The COVID-19 pandemic is a global problem that most countries in the world are preventing. In the prevention of this pandemic, forecasting the number of victims is one of the important information because it is the base for preventable strategy of the governments. In this section, we use the proposed model to predict the number of COVID-19 victims in Vietnam. It is performed with the following steps:

  • The data are divided into two parts: 80% for the training set (97 dates) and 20% remaining for the test set (24 dates). Interpolating the training set by the proposed model, we have the results shown in Fig. 6. The proposed model has parameters MAE = 1.691; MAPE = 7.169; MSE = 6.288; SMAPE =0.483; and MASE = 0.475.

    Figure 6 shows that the forecasting and actual values are almost identical.

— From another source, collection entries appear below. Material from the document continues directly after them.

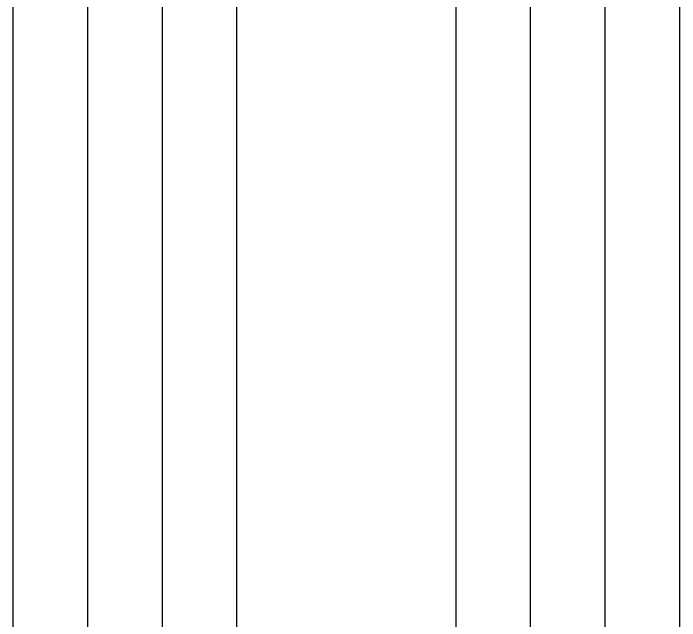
# Model space of a CAD drawing. Header units: inches. Extents: x -58 to 1235, y -506 to 1148.
# Drawn here: x 924.95 to 970.32, y 665.95 to 707.31 of the extents above; entities that cross this region are included whole.
import ezdxf

# ---------------------------------------------------------------- set-up
doc = ezdxf.new("R2010")
doc.units = ezdxf.units.IN
doc.header["$MEASUREMENT"] = 0
doc.layers.add('RED_10AWG', color=1, linetype='Continuous')

msp = doc.modelspace()

# ---------------------------------------------------------------- linework, layer by layer
at = {"layer": 'RED_10AWG'}
for p, q in [((924.946, 585.436), (924.946, 748.015)), ((930.019, 585.436), (930.019, 748.015)), ((935.092, 585.436), (935.092, 748.015)), ((940.164, 585.436), (940.164, 748.015)), ((955.099, 585.436), (955.099, 747.987)), ((960.171, 585.436), (960.171, 747.934)), ((965.244, 585.436), (965.244, 747.987)), ((970.317, 585.436), (970.317, 747.934))]:
    msp.add_line(p, q, dxfattribs=at)

doc.saveas('drawing.dxf')

    Using the original and interpolated data from the training set to forecast for 24 dates by ARIMA, AM, SEDMFOA [17], and IFTS models, we obtain Table 8 and Fig. 7.

    Figure 7 and Table 8 show that the models built from the interpolated data by the proposed model are better than the models built from the original data. Among them, ARIMAP gives the best result with 3.54% of MAPE, 11.1% of MAE, and 182.92% of MSE. These results have outstanding advantages compared to other models. Therefore, we use this model to forecast for the future.

  • Interpolating all data by the proposed model, we have Fig. 8, with MAE = 1.89; MAPE = 2.38; MSE = 11.10; SMAPE =0.87; and MASE = 0.55.

    Using the data from Fig. 8, forecasting for the next several years by ARIMP model, we obtain Table 9.

Fig. 6
figure 6

Actual and forecasting values for the training set

Fig. 7
figure 7

Forecasting values for test set of models

Fig. 8
figure 8

Interpolating all data by the proposed model

Table 8 Comparison of the models of the test set
Table 9 Forecast for the COVID-19 victims for the next 15 days

Table 9 shows that in the next days, the number of COVID-19 victims in Vietnam is barely increased. This is suitable in reality in Vietnam.

5 Conclusion

This research has significant contributions for application of unsupervised learning in building the forecasting model for time series. From the automatic fuzzy genetic algorithm in clustering, we have some important improvements for the new model. They are the method to find the number of groups to divide the universal set, the algorithm to determine the probability to belong to the divided groups of each element in series, and the principle to interpolate the series from the above result. Implementing for 3007 series with very different numbers and characteristics, the proposed model has shown the stability and has given advantages in comparison with the existing ones via the parameters such as MAPE, MASE, and SMAPE.

A significant contribution of this study is the prediction of COVID-19 victims in Vietnam. Performance results show that the proposed model is good forecasts on this data set. By developing a predictive model that is entirely based on the relationship among the data in the series, we think that the proposed model can get relevant results in predicting COVID-19 victims in other countries. This research can contribute to the early warning of COVID-19 infection risk. This is also our next application direction in the near future.

For this study, we have also faced the problem of computing. Compared with other popular models, the calculation in the proposed model is more complicated. The proposed model has 12 steps that are divided into three phases and are set up in a model. As a result, the time cost of the proposed model is often more than others. In addition, in this study, we are only interested in the optimization of algorithm.